Valuations have come down sharply since the outbreak, suggesting much more attractive entry points for the longer term, but it may still be too early to add a lot of risk to portfolios. Nonetheless, with hope that containment measures can be eased before the summer, we maintain a constructive medium-term outlook.

Fixed Income
Yields have stabilized after a few wild days and a sharp drop due to global growth concerns. Liquidity and funding markets also showed signs of stress, leading the Federal Reserve to announce virtually unlimited measures to fight the crisis. As a result, yields have stabilized at low levels, and should remain contained for the time being. A similar move occurred in Europe, with peripheral sovereign spreads widening sharply until large-scale European Central Bank intervention calmed markets with over EUR1 trillion in asset purchases planned for this year.

As such, we have added more duration back to portfolios, with a more neutral allocation to government bonds in Europe and the US. We have reduced our allocation to credit by cutting our HY exposure for the time being. Indeed, default risk has risen significantly, especially in the US given the drop in oil prices, and central banks are more focused on protecting the IG segment.

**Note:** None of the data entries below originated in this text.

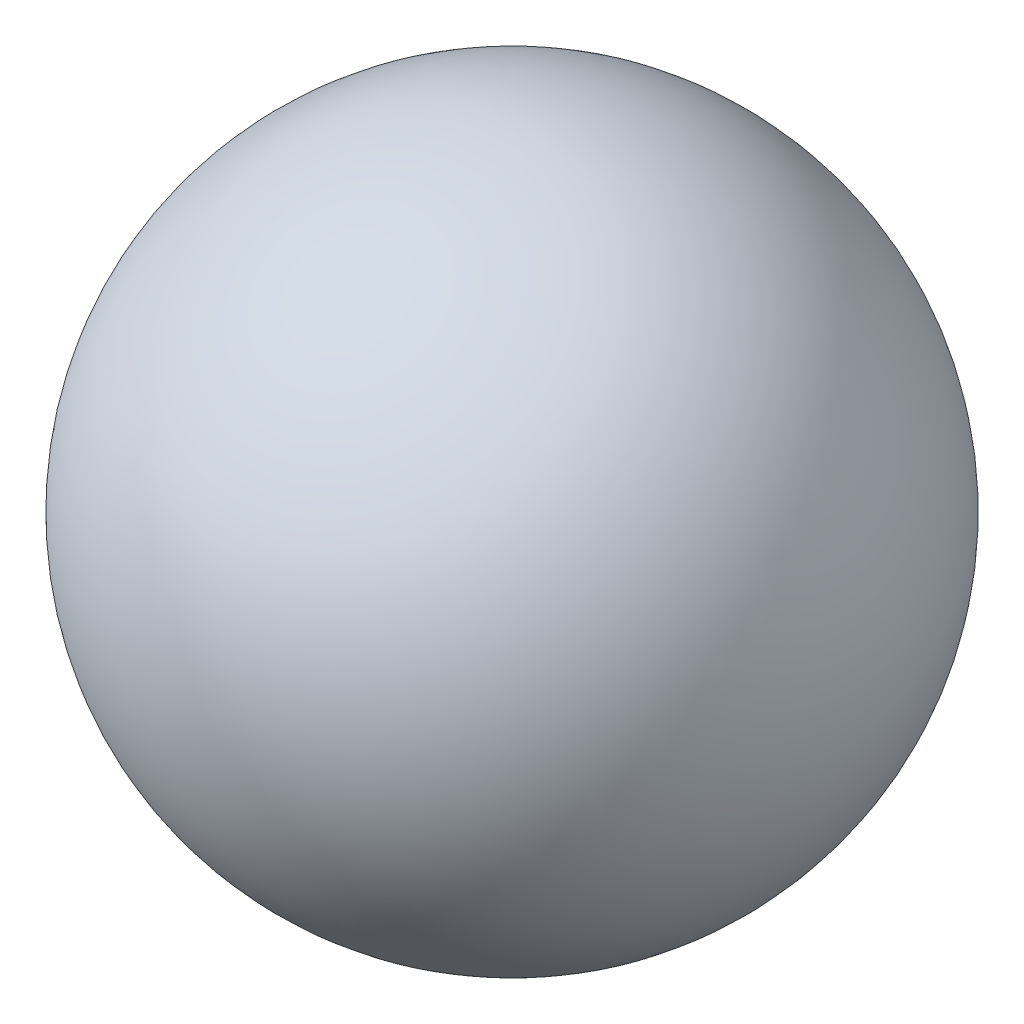
ISO-10303-21;
HEADER;
FILE_DESCRIPTION(('STEP AP214'),'2;1');
FILE_NAME('part.step','',(''),(''),'','','');
FILE_SCHEMA(('AUTOMOTIVE_DESIGN { 1 0 10303 214 1 1 1 1 }'));
ENDSEC;
DATA;
#1=APPLICATION_CONTEXT('core data for automotive mechanical design processes');
#2=APPLICATION_PROTOCOL_DEFINITION('international standard','automotive_design',2000,#1);
#3=PRODUCT_CONTEXT('',#1,'mechanical');
#4=PRODUCT('Part','Part','',(#3));
#5=PRODUCT_RELATED_PRODUCT_CATEGORY('part','',(#4));
#6=PRODUCT_DEFINITION_FORMATION('','',#4);
#7=PRODUCT_DEFINITION_CONTEXT('part definition',#1,'design');
#8=PRODUCT_DEFINITION('design','',#6,#7);
#9=PRODUCT_DEFINITION_SHAPE('','',#8);
#10=(LENGTH_UNIT() NAMED_UNIT(*) SI_UNIT(.MILLI.,.METRE.));
#11=(NAMED_UNIT(*) PLANE_ANGLE_UNIT() SI_UNIT($,.RADIAN.));
#12=(NAMED_UNIT(*) SI_UNIT($,.STERADIAN.) SOLID_ANGLE_UNIT());
#13=UNCERTAINTY_MEASURE_WITH_UNIT(LENGTH_MEASURE(1.E-05),#10,'distance_accuracy_value','');
#14=(GEOMETRIC_REPRESENTATION_CONTEXT(3) GLOBAL_UNCERTAINTY_ASSIGNED_CONTEXT((#13)) GLOBAL_UNIT_ASSIGNED_CONTEXT((#10,
#11,#12)) REPRESENTATION_CONTEXT('',''));
#15=CARTESIAN_POINT('',(0.,0.,0.));
#16=DIRECTION('',(0.,0.,1.));
#17=DIRECTION('',(1.,0.,0.));
#18=AXIS2_PLACEMENT_3D('',#15,#16,#17);
#19=CARTESIAN_POINT('',(0.,0.,0.));
#20=DIRECTION('',(0.,1.,0.));
#21=DIRECTION('',(1.,0.,0.));
#22=AXIS2_PLACEMENT_3D('',#19,#20,#21);
#23=SPHERICAL_SURFACE('',#22,87.5839183555075);
#24=CARTESIAN_POINT('',(0.,87.5839183555075,0.));
#25=VERTEX_POINT('',#24);
#26=VERTEX_LOOP('',#25);
#27=FACE_BOUND('',#26,.T.);
#28=ADVANCED_FACE('F29',(#27),#23,.T.);
#29=CLOSED_SHELL('',(#28));
#30=MANIFOLD_SOLID_BREP('B2',#29);
#31=ADVANCED_BREP_SHAPE_REPRESENTATION('',(#18,#30),#14);
#32=SHAPE_DEFINITION_REPRESENTATION(#9,#31);
ENDSEC;
END-ISO-10303-21;
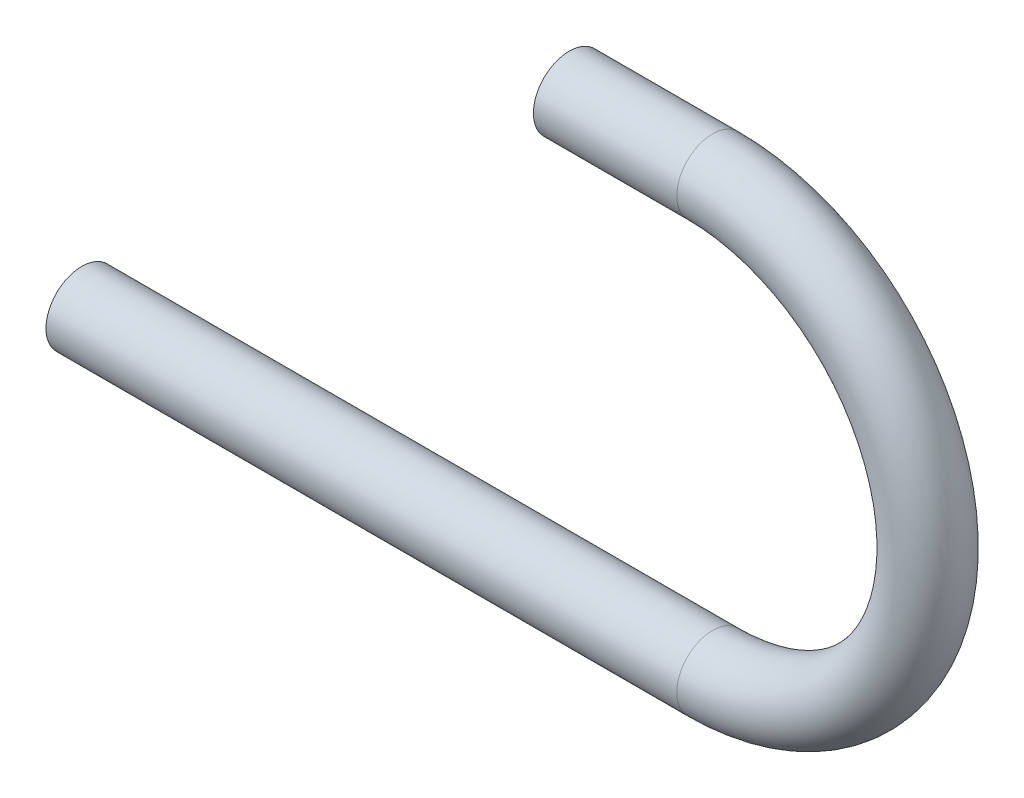
ISO-10303-21;
HEADER;
FILE_DESCRIPTION(('STEP AP214'),'2;1');
FILE_NAME('part.step','',(''),(''),'','','');
FILE_SCHEMA(('AUTOMOTIVE_DESIGN { 1 0 10303 214 1 1 1 1 }'));
ENDSEC;
DATA;
#1=APPLICATION_CONTEXT('core data for automotive mechanical design processes');
#2=APPLICATION_PROTOCOL_DEFINITION('international standard','automotive_design',2000,#1);
#3=PRODUCT_CONTEXT('',#1,'mechanical');
#4=PRODUCT('Part','Part','',(#3));
#5=PRODUCT_RELATED_PRODUCT_CATEGORY('part','',(#4));
#6=PRODUCT_DEFINITION_FORMATION('','',#4);
#7=PRODUCT_DEFINITION_CONTEXT('part definition',#1,'design');
#8=PRODUCT_DEFINITION('design','',#6,#7);
#9=PRODUCT_DEFINITION_SHAPE('','',#8);
#10=(LENGTH_UNIT() NAMED_UNIT(*) SI_UNIT(.MILLI.,.METRE.));
#11=(NAMED_UNIT(*) PLANE_ANGLE_UNIT() SI_UNIT($,.RADIAN.));
#12=(NAMED_UNIT(*) SI_UNIT($,.STERADIAN.) SOLID_ANGLE_UNIT());
#13=UNCERTAINTY_MEASURE_WITH_UNIT(LENGTH_MEASURE(1.E-05),#10,'distance_accuracy_value','');
#14=(GEOMETRIC_REPRESENTATION_CONTEXT(3) GLOBAL_UNCERTAINTY_ASSIGNED_CONTEXT((#13)) GLOBAL_UNIT_ASSIGNED_CONTEXT((#10,
#11,#12)) REPRESENTATION_CONTEXT('',''));
#15=CARTESIAN_POINT('',(0.,0.,0.));
#16=DIRECTION('',(0.,0.,1.));
#17=DIRECTION('',(1.,0.,0.));
#18=AXIS2_PLACEMENT_3D('',#15,#16,#17);
#19=CARTESIAN_POINT('',(-6.8525950466657,34.4611719990288,0.));
#20=DIRECTION('',(1.,0.,0.));
#21=DIRECTION('',(0.,0.,-1.));
#22=AXIS2_PLACEMENT_3D('',#19,#20,#21);
#23=CYLINDRICAL_SURFACE('',#22,6.35);
#24=CARTESIAN_POINT('',(18.5474049533343,34.4611719990288,0.));
#25=DIRECTION('',(1.,0.,0.));
#26=DIRECTION('',(0.,0.,-1.));
#27=AXIS2_PLACEMENT_3D('',#24,#25,#26);
#28=CIRCLE('',#27,6.35);
#29=CARTESIAN_POINT('',(18.5474049533343,40.8111719990288,0.));
#30=VERTEX_POINT('',#29);
#31=EDGE_CURVE('E64',#30,#30,#28,.T.);
#32=ORIENTED_EDGE('',*,*,#31,.F.);
#33=EDGE_LOOP('',(#32));
#34=FACE_BOUND('',#33,.T.);
#35=CARTESIAN_POINT('',(-6.8525950466657,34.4611719990288,0.));
#36=DIRECTION('',(1.,0.,0.));
#37=DIRECTION('',(0.,0.,-1.));
#38=AXIS2_PLACEMENT_3D('',#35,#36,#37);
#39=CIRCLE('',#38,6.35);
#40=CARTESIAN_POINT('',(-6.8525950466657,34.4611719990288,-6.35));
#41=VERTEX_POINT('',#40);
#42=EDGE_CURVE('E61',#41,#41,#39,.T.);
#43=ORIENTED_EDGE('',*,*,#42,.T.);
#44=EDGE_LOOP('',(#43));
#45=FACE_BOUND('',#44,.T.);
#46=ADVANCED_FACE('F37',(#34,#45),#23,.T.);
#47=CARTESIAN_POINT('',(18.5474049533343,-3.63882800097116,0.));
#48=DIRECTION('',(0.,0.,-1.));
#49=DIRECTION('',(-1.,0.,0.));
#50=AXIS2_PLACEMENT_3D('',#47,#48,#49);
#51=TOROIDAL_SURFACE('',#50,38.1,6.35);
#52=CARTESIAN_POINT('',(18.5474049533343,-41.7388280009712,0.));
#53=DIRECTION('',(-1.,0.,0.));
#54=DIRECTION('',(0.,0.,-1.));
#55=AXIS2_PLACEMENT_3D('',#52,#53,#54);
#56=CIRCLE('',#55,6.35);
#57=CARTESIAN_POINT('',(18.5474049533343,-48.0888280009712,0.));
#58=VERTEX_POINT('',#57);
#59=EDGE_CURVE('E41',#58,#58,#56,.T.);
#60=CARTESIAN_POINT('',(18.5474049533343,-3.63882800097116,0.));
#61=DIRECTION('',(0.,0.,-1.));
#62=DIRECTION('',(-1.,0.,0.));
#63=AXIS2_PLACEMENT_3D('',#60,#61,#62);
#64=CIRCLE('',#63,44.45);
#65=EDGE_CURVE('',#30,#58,#64,.T.);
#66=ORIENTED_EDGE('',*,*,#31,.T.);
#67=ORIENTED_EDGE('',*,*,#59,.F.);
#68=ORIENTED_EDGE('',*,*,#65,.T.);
#69=ORIENTED_EDGE('',*,*,#65,.F.);
#70=EDGE_LOOP('',(#66,#68,#67,#69));
#71=FACE_BOUND('',#70,.T.);
#72=ADVANCED_FACE('F74',(#71),#51,.T.);
#73=CARTESIAN_POINT('',(18.5474049533343,-41.7388280009712,0.));
#74=DIRECTION('',(-1.,0.,0.));
#75=DIRECTION('',(0.,-1.,0.));
#76=AXIS2_PLACEMENT_3D('',#73,#74,#75);
#77=CYLINDRICAL_SURFACE('',#76,6.35);
#78=CARTESIAN_POINT('',(-93.2125950466657,-41.7388280009712,0.));
#79=DIRECTION('',(-1.,0.,0.));
#80=DIRECTION('',(0.,0.,-1.));
#81=AXIS2_PLACEMENT_3D('',#78,#79,#80);
#82=CIRCLE('',#81,6.35);
#83=CARTESIAN_POINT('',(-93.2125950466657,-41.7388280009712,-6.35));
#84=VERTEX_POINT('',#83);
#85=EDGE_CURVE('E56',#84,#84,#82,.T.);
#86=ORIENTED_EDGE('',*,*,#85,.F.);
#87=EDGE_LOOP('',(#86));
#88=FACE_BOUND('',#87,.T.);
#89=ORIENTED_EDGE('',*,*,#59,.T.);
#90=EDGE_LOOP('',(#89));
#91=FACE_BOUND('',#90,.T.);
#92=ADVANCED_FACE('F39',(#88,#91),#77,.T.);
#93=CARTESIAN_POINT('',(-6.8525950466657,34.4611719990288,0.));
#94=DIRECTION('',(1.,0.,0.));
#95=DIRECTION('',(0.,0.,-1.));
#96=AXIS2_PLACEMENT_3D('',#93,#94,#95);
#97=PLANE('',#96);
#98=CARTESIAN_POINT('',(-6.8525950466657,34.4611719990288,0.));
#99=DIRECTION('',(1.,0.,0.));
#100=DIRECTION('',(0.,0.,-1.));
#101=AXIS2_PLACEMENT_3D('',#98,#99,#100);
#102=CIRCLE('',#101,5.588);
#103=CARTESIAN_POINT('',(-6.8525950466657,34.4611719990288,-5.588));
#104=VERTEX_POINT('',#103);
#105=EDGE_CURVE('E60',#104,#104,#102,.F.);
#106=ORIENTED_EDGE('',*,*,#105,.F.);
#107=EDGE_LOOP('',(#106));
#108=FACE_BOUND('',#107,.T.);
#109=ORIENTED_EDGE('',*,*,#42,.F.);
#110=EDGE_LOOP('',(#109));
#111=FACE_BOUND('',#110,.T.);
#112=ADVANCED_FACE('F80',(#108,#111),#97,.F.);
#113=CARTESIAN_POINT('',(-93.2125950466657,-41.7388280009712,0.));
#114=DIRECTION('',(-1.,0.,0.));
#115=DIRECTION('',(0.,0.,-1.));
#116=AXIS2_PLACEMENT_3D('',#113,#114,#115);
#117=PLANE('',#116);
#118=CARTESIAN_POINT('',(-93.2125950466657,-41.7388280009712,0.));
#119=DIRECTION('',(-1.,0.,0.));
#120=DIRECTION('',(0.,0.,-1.));
#121=AXIS2_PLACEMENT_3D('',#118,#119,#120);
#122=CIRCLE('',#121,5.588);
#123=CARTESIAN_POINT('',(-93.2125950466657,-41.7388280009712,-5.588));
#124=VERTEX_POINT('',#123);
#125=EDGE_CURVE('E10',#124,#124,#122,.F.);
#126=ORIENTED_EDGE('',*,*,#125,.T.);
#127=EDGE_LOOP('',(#126));
#128=FACE_BOUND('',#127,.T.);
#129=ORIENTED_EDGE('',*,*,#85,.T.);
#130=EDGE_LOOP('',(#129));
#131=FACE_BOUND('',#130,.T.);
#132=ADVANCED_FACE('F98',(#128,#131),#117,.T.);
#133=CARTESIAN_POINT('',(-6.8525950466657,34.4611719990288,0.));
#134=DIRECTION('',(1.,0.,0.));
#135=DIRECTION('',(0.,0.,-1.));
#136=AXIS2_PLACEMENT_3D('',#133,#134,#135);
#137=CYLINDRICAL_SURFACE('',#136,5.588);
#138=CARTESIAN_POINT('',(18.5474049533343,34.4611719990288,0.));
#139=DIRECTION('',(1.,0.,0.));
#140=DIRECTION('',(0.,0.,-1.));
#141=AXIS2_PLACEMENT_3D('',#138,#139,#140);
#142=CIRCLE('',#141,5.588);
#143=CARTESIAN_POINT('',(18.5474049533343,40.0491719990288,0.));
#144=VERTEX_POINT('',#143);
#145=EDGE_CURVE('E52',#144,#144,#142,.F.);
#146=ORIENTED_EDGE('',*,*,#145,.F.);
#147=EDGE_LOOP('',(#146));
#148=FACE_BOUND('',#147,.T.);
#149=ORIENTED_EDGE('',*,*,#105,.T.);
#150=EDGE_LOOP('',(#149));
#151=FACE_BOUND('',#150,.T.);
#152=ADVANCED_FACE('F92',(#148,#151),#137,.F.);
#153=CARTESIAN_POINT('',(18.5474049533343,-3.63882800097116,0.));
#154=DIRECTION('',(0.,0.,-1.));
#155=DIRECTION('',(-1.,0.,0.));
#156=AXIS2_PLACEMENT_3D('',#153,#154,#155);
#157=TOROIDAL_SURFACE('',#156,38.1,5.588);
#158=CARTESIAN_POINT('',(18.5474049533343,-41.7388280009712,0.));
#159=DIRECTION('',(-1.,0.,0.));
#160=DIRECTION('',(0.,0.,-1.));
#161=AXIS2_PLACEMENT_3D('',#158,#159,#160);
#162=CIRCLE('',#161,5.588);
#163=CARTESIAN_POINT('',(18.5474049533343,-47.3268280009712,0.));
#164=VERTEX_POINT('',#163);
#165=EDGE_CURVE('E46',#164,#164,#162,.F.);
#166=CARTESIAN_POINT('',(18.5474049533343,-3.63882800097116,0.));
#167=DIRECTION('',(0.,0.,-1.));
#168=DIRECTION('',(-1.,0.,0.));
#169=AXIS2_PLACEMENT_3D('',#166,#167,#168);
#170=CIRCLE('',#169,43.688);
#171=EDGE_CURVE('',#144,#164,#170,.T.);
#172=ORIENTED_EDGE('',*,*,#145,.T.);
#173=ORIENTED_EDGE('',*,*,#165,.F.);
#174=ORIENTED_EDGE('',*,*,#171,.T.);
#175=ORIENTED_EDGE('',*,*,#171,.F.);
#176=EDGE_LOOP('',(#172,#174,#173,#175));
#177=FACE_BOUND('',#176,.T.);
#178=ADVANCED_FACE('F86',(#177),#157,.F.);
#179=CARTESIAN_POINT('',(18.5474049533343,-41.7388280009712,0.));
#180=DIRECTION('',(-1.,0.,0.));
#181=DIRECTION('',(0.,-1.,0.));
#182=AXIS2_PLACEMENT_3D('',#179,#180,#181);
#183=CYLINDRICAL_SURFACE('',#182,5.588);
#184=ORIENTED_EDGE('',*,*,#125,.F.);
#185=EDGE_LOOP('',(#184));
#186=FACE_BOUND('',#185,.T.);
#187=ORIENTED_EDGE('',*,*,#165,.T.);
#188=EDGE_LOOP('',(#187));
#189=FACE_BOUND('',#188,.T.);
#190=ADVANCED_FACE('F84',(#186,#189),#183,.F.);
#191=CLOSED_SHELL('',(#46,#72,#92,#112,#132,#152,#178,#190));
#192=MANIFOLD_SOLID_BREP('B2',#191);
#193=ADVANCED_BREP_SHAPE_REPRESENTATION('',(#18,#192),#14);
#194=SHAPE_DEFINITION_REPRESENTATION(#9,#193);
ENDSEC;
END-ISO-10303-21;

We believe that spreads can remain wide for some time, though we may have already seen the bulk of the move.

Yields are currently pricing in a very negative growth scenario, but even once the outlook improves, we believe that yields will remain lower for longer.

The US dollar remains the currency of choice, spiking during the worst of the market selloff. While it has retreated from recent highs, we believe it will remain underpinned given ongoing uncertainty and growth fears. The euro and sterling continue to face headwinds, though the interest rate differential with the dollar has shrunk again following the Fed’s rate cuts to zero. Emerging market currencies can offer selective opportunities, but with higher volatility and idiosyncratic risks.

Following the oil price war between Saudi Arabia and Russia and the ensuing drop in both WTI and Brent, oil prices have stabilized. They are likely to stay low for some time given both a demand and supply shock. We later expect a recovery, though medium-term supply is expected to remain ample, which should cap prices.

Gold should continue to see underlying demand as a safe haven, though the bulk of the move may already have occurred.

We continue to see a place for alternatives in portfolios, as we look for de-correlating and diversifying strategies to complement traditional asset classes, particularly with liquid alternatives. We believe that real assets can also help provide income in a low yielding world.